Friday, January 22, 2021

The uselessness of Boris Johnson's cabinet is a feature not a bug

Embed from Getty Images

Ed Davey says Gavin Williamson is the worst education secretary in living memory. He's right, of course.

But then Williamson is not alone in not deserving a place around the cabinet table.

Priti Patel resigned as secretary of state for international development when it emerged she had been holding meetings with Israeli officials without informing anyone in London. Yet somehow today she is home secretary.

Jacob Rees-Mogg is such a liability that he had to be hidden from voters during the last general election, but he is still leader of the House of Commons.

But maybe their presence should not be such a surprise.

Many Conservatives with principles - David Gauke, Rory Stewart, Nicholas Soames - were effectively sacked from the Commons by Boris Johnson in September 2019. 

They were not the sort of people he wanted to surround himself with. Better to have malleable mediocrities who will do whatever they are told.

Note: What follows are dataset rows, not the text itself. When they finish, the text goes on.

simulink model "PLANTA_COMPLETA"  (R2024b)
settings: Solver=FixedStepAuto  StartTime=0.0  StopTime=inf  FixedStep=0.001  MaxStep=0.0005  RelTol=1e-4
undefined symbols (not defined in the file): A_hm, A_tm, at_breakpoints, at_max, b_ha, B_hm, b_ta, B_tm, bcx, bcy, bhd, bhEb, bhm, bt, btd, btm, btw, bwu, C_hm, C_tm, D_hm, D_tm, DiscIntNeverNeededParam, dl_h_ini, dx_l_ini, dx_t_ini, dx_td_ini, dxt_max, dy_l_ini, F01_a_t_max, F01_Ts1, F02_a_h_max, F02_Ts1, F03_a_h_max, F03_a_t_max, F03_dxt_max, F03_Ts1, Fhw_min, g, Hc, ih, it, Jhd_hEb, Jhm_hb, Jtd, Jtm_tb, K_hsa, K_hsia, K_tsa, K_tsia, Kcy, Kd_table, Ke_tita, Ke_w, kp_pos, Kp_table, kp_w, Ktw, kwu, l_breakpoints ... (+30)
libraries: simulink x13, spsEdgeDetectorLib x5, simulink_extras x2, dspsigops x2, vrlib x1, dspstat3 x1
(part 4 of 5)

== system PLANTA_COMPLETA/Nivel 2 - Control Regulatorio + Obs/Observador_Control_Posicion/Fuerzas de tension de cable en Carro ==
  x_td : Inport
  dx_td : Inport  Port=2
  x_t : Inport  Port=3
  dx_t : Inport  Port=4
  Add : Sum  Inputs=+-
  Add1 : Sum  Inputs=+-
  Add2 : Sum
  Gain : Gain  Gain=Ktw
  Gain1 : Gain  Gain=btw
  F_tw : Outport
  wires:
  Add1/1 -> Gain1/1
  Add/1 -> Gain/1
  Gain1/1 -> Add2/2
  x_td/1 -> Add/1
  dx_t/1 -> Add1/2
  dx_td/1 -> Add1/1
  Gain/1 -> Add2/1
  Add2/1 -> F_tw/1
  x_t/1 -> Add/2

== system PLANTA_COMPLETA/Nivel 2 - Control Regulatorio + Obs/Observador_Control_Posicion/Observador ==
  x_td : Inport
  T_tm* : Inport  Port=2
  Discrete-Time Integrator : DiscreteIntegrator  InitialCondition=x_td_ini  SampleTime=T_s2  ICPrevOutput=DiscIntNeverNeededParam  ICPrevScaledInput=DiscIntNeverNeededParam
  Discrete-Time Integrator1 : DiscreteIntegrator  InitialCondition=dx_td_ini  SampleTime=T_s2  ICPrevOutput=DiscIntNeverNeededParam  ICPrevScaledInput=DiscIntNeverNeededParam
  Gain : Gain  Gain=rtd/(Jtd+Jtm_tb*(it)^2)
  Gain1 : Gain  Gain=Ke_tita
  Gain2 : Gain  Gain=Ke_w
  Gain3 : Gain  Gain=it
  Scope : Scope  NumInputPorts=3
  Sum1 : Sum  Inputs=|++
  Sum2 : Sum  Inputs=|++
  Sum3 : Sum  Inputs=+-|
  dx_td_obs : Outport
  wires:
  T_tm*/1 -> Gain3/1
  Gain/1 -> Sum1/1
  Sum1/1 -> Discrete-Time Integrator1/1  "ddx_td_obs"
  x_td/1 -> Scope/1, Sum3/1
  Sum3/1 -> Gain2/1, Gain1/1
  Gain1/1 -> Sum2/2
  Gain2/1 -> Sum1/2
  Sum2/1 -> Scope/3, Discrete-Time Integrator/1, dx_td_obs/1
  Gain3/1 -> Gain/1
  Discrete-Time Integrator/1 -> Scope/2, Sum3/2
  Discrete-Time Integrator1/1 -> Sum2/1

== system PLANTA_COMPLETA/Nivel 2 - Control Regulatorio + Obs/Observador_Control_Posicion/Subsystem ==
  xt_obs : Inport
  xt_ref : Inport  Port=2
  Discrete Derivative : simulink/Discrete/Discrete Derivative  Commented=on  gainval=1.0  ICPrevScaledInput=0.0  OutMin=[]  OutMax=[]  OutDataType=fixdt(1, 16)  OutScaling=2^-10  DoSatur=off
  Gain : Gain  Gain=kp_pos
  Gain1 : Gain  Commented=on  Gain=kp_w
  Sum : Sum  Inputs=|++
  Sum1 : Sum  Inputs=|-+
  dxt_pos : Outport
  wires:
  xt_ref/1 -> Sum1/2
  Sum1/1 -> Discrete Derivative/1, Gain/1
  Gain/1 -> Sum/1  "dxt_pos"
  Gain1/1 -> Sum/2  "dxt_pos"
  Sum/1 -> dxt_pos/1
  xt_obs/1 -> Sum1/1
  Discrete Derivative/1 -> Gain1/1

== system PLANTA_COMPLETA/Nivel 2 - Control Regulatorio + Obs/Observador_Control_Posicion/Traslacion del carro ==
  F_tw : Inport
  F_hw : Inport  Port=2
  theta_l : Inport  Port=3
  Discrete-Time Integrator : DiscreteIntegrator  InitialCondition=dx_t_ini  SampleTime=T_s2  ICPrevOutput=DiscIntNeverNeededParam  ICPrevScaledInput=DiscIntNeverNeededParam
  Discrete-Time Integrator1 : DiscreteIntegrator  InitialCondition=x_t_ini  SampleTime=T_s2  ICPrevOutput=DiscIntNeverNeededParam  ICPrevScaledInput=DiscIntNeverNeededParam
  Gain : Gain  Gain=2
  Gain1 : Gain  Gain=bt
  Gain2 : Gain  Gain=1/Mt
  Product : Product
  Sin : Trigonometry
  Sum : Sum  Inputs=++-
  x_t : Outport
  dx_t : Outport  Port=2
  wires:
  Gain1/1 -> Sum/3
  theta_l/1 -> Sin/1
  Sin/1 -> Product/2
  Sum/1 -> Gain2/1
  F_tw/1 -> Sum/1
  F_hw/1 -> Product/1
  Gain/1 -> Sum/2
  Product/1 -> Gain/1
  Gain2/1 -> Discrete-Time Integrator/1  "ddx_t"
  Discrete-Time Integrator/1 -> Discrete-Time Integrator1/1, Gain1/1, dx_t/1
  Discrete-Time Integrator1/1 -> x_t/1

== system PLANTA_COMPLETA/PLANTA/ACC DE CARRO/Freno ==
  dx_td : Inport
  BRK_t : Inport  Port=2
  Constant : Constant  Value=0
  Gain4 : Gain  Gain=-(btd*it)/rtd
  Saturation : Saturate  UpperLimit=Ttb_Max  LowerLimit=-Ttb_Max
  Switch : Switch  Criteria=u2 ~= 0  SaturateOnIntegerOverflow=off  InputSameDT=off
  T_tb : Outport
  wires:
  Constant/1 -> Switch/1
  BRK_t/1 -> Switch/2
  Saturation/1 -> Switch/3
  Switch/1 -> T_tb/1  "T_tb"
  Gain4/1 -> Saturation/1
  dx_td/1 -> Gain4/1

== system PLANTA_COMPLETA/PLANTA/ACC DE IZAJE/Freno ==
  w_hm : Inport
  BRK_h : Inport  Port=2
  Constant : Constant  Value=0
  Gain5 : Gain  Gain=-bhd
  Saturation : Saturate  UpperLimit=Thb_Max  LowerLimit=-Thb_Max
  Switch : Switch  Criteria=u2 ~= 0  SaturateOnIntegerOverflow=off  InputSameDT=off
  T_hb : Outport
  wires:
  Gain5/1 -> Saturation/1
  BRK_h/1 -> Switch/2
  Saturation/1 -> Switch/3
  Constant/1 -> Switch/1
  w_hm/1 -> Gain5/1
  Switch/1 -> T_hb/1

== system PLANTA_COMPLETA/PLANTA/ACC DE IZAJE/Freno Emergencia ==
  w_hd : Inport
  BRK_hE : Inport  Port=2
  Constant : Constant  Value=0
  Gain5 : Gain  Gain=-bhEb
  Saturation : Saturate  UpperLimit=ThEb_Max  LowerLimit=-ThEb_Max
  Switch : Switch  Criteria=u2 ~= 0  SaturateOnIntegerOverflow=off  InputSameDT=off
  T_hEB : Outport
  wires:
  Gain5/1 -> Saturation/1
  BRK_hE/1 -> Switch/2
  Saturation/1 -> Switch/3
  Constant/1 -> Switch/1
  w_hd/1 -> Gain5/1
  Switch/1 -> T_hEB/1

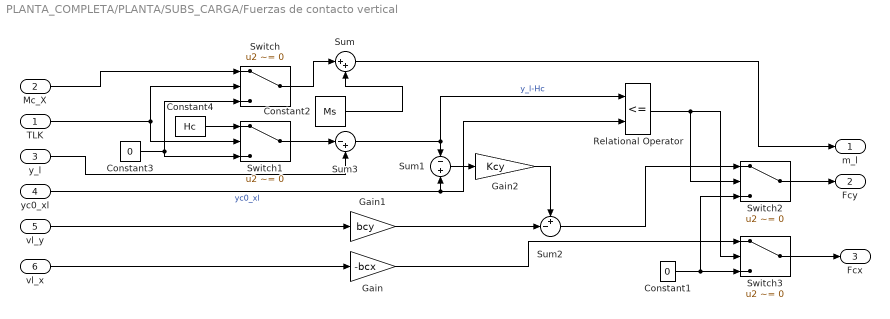
== system PLANTA_COMPLETA/PLANTA/SUBS_CARGA/Fuerzas de contacto vertical ==
  TLK : Inport
  Mc_X : Inport  Port=2
  y_l : Inport  Port=3
  yc0_xl : Inport  Port=4
  vl_y : Inport  Port=5
  vl_x : Inport  Port=6
  Constant1 : Constant  Value=0
  Constant2 : Constant  Value=Ms
  Constant3 : Constant  Value=0
  Constant4 : Constant  Value=Hc
  Gain : Gain  Gain=-bcx
  Gain1 : Gain  Gain=bcy
  Gain2 : Gain  Gain=Kcy
  Relational Operator : RelationalOperator  Operator=<=  OutDataTypeStr=boolean  RndMeth=Simplest  InputSameDT=off
  Sum : Sum  Inputs=|++
  Sum1 : Sum  Inputs=-|+
  Sum2 : Sum  Inputs=+-|
  Sum3 : Sum  Inputs=|-+
  Switch{,1..3} (4 alike) : Switch  Criteria=u2 ~= 0  SaturateOnIntegerOverflow=off  InputSameDT=off
  m_l : Outport
  Fcy : Outport  Port=2
  Fcx : Outport  Port=3
  wires:
  TLK/1 -> Switch/2, Switch1/2
  Gain1/1 -> Sum2/2
  Switch/1 -> Sum/1
  Constant3/1 -> Switch1/3, Switch/3
  Constant2/1 -> Sum/2
  Sum2/1 -> Switch2/1
  vl_y/1 -> Gain1/1
  Gain/1 -> Switch3/1
  Constant4/1 -> Switch1/1
  vl_x/1 -> Gain/1
  Gain2/1 -> Sum2/1
  Sum1/1 -> Gain2/1
  Sum/1 -> m_l/1
  Mc_X/1 -> Switch/1
  Constant1/1 -> Switch3/3, Switch2/3
  Relational Operator/1 -> Switch3/2, Switch2/2
  Sum3/1 -> Sum1/1, Relational Operator/1  "y_l-Hc"
  Switch1/1 -> Sum3/1
  y_l/1 -> Sum3/2
  Switch2/1 -> Fcy/1
  Switch3/1 -> Fcx/1
  yc0_xl/1 -> Relational Operator/2, Sum1/2  "yc0_xl"

== matlab function PLANTA_COMPLETA/PLANTA/PERFIL_OBSTACULOS/sensor ==
  data: y0_array input; distancia output; index input; Yt0 parameter
function distancia= mideDistancia(y0_array,index, Yt0)
distancia = Yt0-y0_array(index);

== matlab function PLANTA_COMPLETA/PLANTA/Altura perfil obstaculos (A partir de posicion x_l)/Calculo ==
  data: y0_array input; yc0_xt output; index input
function yc0_xt= calcula_y0(y0_array,index)

if (index>0 && index<=32)
    yc0_xt =y0_array(index);
else
    yc0_xt=0;    
end

== stateflow chart PLANTA_COMPLETA/Nivel 1 - Control Supervisor ==
  state PERFIL_DE_OBSTACULOS [parallel]
    entry:
    num_index = floor(80/Wc);
    Y_perfil = zeros(1,num_index,'double');
    during:
    %xtd = theta_mt*pulsos_x_rev*dist_x_pulso*(1/100);
    xtd_lidar = (xtd+30)+3;
    index = floor(xtd_lidar/Wc);
    Y_c0_read = yc0_xt;
    if index>0 && index<=32
    Y_perfil(index) = Y_c0_read;
    end
    settings: executionOrder=2
  state OFF [parallel]
    settings: executionOrder=1
    state EMERGENCIA
      entry:
      %Cuando el control supervisor entra en esta de emergencia, cede
      %el control al Nivel 0 hasta retomar el estado normal
      dxt_ref=0;
      dlh_ref=0;
      ddxt_ref=0;
    state ON
      entry:
      dxt_ref_ant = 0;
      dlh_ref_ant = 0;
      dxt_ref = 0;
      dlh_ref = 0;
      ddxt_ref = 0;
      state DETECCION_ESTADOS [parallel]
        settings: executionOrder=1
        state TWISTLOCKS [parallel]
          settings: executionOrder=1
          state VERIFICAR
          state ACT_TLK
            entry:
            TLK=1;
            c=-ceil((xtd+30)/Wc);
            during:
            y_real=45-(lh+Hc);
          state DES_TLK
            entry:
            TLK=0;
            c=ceil((xtd+30)/Wc);
            during:
            y_real=45-lh;
          (default) -> VERIFICAR
          VERIFICAR -> ACT_TLK [order 2] : [TLK_act==1]
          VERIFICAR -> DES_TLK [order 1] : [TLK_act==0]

Better still to have people no other Conservative prime minister would dream of appointing to the cabinet. They will know that they owe their careers to Johnson and that any successful rebellion against him would inevitably lead to the end of those careers.

It's probably all in Machiavelli: surround yourself with people who should never have been put in a position of power and you will be much more secure.

2 comments:

Unknown said...

It really is worse than a B team. Our own mediocre Sir (!) Geoffrey Clifton-Brown MP looks almost average as a result. Nadine Dorries, appointed by May back in 2019 and then the standout worst minister, has plenty of competition now

Phil Beesley said...

Nine months ago, I believed that Johnson would start appointing a few weightier politicians -- as background advisors of course -- to assist. How stupid I was to believe that he would do the right thing.

When critiquing this shower, it is easy to look at the obvious -- incompetence, petty corruption, ignorance etc. We can miss that many mistakes have been caused by the ideologies of small government and centralism. Track and trace fails because central gov won't beef up local teams, gov is setting up mass vaccination points when people want and need to attend local providers, money is thrown at consultants and contractors to keep down the government payroll. We also have to understand that some things don't happen -- or don't happen easily -- because gov doesn't want them to happen. If people saw that it was possible to feed children in poor families or to find safe places for the homeless, they'd expect government to behave humanely in normal times.